(Data items)
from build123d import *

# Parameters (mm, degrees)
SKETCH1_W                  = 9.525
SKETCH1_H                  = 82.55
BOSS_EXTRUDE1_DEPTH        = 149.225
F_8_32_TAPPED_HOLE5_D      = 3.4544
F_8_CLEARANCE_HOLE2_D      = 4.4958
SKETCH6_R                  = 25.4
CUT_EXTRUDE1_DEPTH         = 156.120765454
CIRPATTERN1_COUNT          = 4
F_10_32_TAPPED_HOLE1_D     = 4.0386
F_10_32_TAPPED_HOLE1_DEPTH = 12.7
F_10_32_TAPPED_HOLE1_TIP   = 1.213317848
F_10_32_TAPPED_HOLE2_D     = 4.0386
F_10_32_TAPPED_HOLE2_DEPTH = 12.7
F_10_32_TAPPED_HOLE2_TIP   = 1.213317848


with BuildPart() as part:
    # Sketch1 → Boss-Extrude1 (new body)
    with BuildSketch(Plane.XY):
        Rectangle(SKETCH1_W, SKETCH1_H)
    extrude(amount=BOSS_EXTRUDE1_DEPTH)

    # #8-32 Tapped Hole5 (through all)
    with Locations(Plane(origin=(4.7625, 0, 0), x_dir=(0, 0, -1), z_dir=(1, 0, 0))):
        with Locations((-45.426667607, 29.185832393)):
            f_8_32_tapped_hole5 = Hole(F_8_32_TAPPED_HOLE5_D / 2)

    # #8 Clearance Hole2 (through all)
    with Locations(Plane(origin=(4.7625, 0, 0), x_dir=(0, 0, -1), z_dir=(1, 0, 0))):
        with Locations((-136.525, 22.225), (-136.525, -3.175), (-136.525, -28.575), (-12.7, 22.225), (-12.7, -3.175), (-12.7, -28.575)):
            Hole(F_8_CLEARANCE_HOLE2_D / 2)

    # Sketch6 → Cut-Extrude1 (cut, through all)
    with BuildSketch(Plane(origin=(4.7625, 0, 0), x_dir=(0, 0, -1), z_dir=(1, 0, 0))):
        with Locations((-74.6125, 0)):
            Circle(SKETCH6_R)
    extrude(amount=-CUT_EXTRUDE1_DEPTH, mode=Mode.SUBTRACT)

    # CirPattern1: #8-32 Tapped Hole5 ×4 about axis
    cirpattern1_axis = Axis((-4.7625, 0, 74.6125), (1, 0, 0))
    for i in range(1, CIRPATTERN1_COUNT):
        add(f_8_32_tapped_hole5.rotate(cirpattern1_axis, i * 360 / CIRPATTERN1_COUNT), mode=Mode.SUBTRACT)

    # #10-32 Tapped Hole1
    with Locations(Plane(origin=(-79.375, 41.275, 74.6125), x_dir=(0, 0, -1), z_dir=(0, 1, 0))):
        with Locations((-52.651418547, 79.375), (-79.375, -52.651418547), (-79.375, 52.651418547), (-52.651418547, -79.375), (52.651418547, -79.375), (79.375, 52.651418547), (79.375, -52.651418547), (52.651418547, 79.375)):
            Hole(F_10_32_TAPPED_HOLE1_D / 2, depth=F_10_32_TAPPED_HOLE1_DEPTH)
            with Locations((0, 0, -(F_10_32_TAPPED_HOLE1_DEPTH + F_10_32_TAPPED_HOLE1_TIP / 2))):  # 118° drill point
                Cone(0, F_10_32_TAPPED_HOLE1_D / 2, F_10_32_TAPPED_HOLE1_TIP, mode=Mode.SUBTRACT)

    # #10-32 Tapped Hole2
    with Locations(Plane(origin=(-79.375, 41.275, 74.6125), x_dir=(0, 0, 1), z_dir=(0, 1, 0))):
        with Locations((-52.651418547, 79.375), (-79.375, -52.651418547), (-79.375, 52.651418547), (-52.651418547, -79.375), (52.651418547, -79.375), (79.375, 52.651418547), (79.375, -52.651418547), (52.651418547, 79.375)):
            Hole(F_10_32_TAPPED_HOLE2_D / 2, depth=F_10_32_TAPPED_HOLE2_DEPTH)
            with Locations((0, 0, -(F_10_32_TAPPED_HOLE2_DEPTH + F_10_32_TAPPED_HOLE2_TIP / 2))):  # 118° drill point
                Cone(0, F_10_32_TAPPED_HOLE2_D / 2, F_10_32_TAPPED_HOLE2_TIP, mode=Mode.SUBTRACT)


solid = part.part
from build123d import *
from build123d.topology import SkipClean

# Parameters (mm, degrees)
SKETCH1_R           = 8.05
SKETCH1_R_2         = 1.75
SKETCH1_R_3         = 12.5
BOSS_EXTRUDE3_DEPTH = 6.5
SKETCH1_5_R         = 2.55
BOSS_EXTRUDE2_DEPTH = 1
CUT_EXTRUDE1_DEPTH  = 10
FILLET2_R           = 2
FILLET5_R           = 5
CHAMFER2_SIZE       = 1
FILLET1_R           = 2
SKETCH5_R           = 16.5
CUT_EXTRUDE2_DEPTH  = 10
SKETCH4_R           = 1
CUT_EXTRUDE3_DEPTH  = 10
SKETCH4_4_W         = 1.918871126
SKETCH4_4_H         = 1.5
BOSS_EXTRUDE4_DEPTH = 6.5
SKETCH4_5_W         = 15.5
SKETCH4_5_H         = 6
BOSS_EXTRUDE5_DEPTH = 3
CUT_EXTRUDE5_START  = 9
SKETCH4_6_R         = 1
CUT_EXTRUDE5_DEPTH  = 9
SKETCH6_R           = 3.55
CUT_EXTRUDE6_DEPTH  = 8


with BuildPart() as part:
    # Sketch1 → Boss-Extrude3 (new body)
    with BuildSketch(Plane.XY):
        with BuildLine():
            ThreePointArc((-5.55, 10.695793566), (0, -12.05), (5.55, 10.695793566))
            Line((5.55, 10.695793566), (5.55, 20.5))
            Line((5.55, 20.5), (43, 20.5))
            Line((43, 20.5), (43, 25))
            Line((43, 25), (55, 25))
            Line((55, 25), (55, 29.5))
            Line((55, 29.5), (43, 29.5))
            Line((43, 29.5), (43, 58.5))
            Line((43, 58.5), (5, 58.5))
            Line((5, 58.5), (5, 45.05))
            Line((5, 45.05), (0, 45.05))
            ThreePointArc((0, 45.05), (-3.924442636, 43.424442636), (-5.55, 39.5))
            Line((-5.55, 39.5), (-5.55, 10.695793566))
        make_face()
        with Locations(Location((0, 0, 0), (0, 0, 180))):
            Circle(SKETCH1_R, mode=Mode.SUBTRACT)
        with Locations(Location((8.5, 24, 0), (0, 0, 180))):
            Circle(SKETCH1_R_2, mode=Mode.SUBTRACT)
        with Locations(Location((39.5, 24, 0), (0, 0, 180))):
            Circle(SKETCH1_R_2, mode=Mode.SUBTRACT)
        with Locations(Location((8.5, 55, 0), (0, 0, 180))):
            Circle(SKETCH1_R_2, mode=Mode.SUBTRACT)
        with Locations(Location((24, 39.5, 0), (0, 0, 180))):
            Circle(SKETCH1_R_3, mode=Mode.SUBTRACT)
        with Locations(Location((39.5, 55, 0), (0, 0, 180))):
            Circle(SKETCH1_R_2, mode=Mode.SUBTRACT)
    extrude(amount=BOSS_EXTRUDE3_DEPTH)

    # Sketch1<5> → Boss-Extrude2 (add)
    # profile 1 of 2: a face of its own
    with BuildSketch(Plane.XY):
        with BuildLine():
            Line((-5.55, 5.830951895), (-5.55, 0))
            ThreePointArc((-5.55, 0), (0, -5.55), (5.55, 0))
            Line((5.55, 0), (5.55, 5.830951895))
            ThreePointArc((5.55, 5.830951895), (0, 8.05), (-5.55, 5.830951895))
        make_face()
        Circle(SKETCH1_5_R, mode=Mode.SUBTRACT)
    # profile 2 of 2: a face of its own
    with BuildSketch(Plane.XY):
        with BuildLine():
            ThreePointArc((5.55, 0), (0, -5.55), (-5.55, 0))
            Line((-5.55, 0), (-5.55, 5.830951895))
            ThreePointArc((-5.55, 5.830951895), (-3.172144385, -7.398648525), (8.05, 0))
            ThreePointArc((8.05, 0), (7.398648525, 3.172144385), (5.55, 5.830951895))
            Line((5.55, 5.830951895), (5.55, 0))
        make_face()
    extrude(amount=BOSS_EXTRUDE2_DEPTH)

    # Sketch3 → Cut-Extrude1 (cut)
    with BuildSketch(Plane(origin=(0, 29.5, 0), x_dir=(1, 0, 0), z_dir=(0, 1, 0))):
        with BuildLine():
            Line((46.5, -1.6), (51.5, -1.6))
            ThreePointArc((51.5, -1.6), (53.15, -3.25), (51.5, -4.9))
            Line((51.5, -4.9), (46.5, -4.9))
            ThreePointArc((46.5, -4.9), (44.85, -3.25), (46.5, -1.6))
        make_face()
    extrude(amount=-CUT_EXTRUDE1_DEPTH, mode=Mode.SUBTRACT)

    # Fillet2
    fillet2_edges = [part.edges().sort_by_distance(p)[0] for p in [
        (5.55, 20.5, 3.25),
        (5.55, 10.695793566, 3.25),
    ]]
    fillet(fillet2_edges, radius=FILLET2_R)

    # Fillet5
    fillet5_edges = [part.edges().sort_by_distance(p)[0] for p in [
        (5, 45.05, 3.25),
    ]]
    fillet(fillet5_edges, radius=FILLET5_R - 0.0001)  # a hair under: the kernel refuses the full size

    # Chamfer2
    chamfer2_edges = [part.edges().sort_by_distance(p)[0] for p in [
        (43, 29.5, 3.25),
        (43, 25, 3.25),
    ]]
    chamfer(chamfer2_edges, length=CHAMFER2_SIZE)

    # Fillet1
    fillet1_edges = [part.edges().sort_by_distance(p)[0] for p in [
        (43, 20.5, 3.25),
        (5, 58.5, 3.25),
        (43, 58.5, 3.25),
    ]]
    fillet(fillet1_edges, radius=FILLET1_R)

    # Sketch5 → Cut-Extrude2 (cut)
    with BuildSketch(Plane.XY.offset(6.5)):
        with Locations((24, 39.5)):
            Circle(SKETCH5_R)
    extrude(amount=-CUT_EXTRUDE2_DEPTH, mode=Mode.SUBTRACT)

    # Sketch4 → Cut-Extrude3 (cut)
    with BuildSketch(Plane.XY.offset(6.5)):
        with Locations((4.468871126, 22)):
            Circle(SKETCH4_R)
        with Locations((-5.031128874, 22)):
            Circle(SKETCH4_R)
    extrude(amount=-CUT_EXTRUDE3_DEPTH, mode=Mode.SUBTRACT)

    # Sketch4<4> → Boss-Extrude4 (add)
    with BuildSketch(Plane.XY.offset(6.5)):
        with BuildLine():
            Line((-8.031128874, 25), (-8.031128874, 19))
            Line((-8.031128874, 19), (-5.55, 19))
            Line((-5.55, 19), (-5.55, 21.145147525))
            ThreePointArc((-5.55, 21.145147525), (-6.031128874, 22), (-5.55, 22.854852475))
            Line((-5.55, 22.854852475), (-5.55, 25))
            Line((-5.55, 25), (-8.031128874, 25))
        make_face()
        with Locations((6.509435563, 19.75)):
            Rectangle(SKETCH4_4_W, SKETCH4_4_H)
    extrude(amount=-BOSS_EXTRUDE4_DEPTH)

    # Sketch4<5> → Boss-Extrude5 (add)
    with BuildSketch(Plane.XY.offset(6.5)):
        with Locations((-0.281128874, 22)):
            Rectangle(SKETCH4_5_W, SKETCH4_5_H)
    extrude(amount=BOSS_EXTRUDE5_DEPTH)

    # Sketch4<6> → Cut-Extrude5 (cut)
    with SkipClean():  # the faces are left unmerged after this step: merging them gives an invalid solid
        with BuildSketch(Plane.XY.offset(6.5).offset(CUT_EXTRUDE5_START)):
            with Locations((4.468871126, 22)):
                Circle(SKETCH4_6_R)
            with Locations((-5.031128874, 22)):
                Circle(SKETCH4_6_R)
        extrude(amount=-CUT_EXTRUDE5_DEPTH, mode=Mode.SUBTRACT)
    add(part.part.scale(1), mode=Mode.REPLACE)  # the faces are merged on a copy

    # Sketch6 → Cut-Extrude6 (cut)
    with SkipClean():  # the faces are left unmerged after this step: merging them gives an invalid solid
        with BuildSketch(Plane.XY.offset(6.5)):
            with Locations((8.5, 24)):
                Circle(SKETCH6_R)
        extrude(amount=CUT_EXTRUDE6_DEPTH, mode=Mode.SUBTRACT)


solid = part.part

Work instruction: Reproduce each line of the data containing the word "body".

Solution:
    # Sketch1 → Boss-Extrude1 (new body)
    # Sketch1 → Boss-Extrude3 (new body)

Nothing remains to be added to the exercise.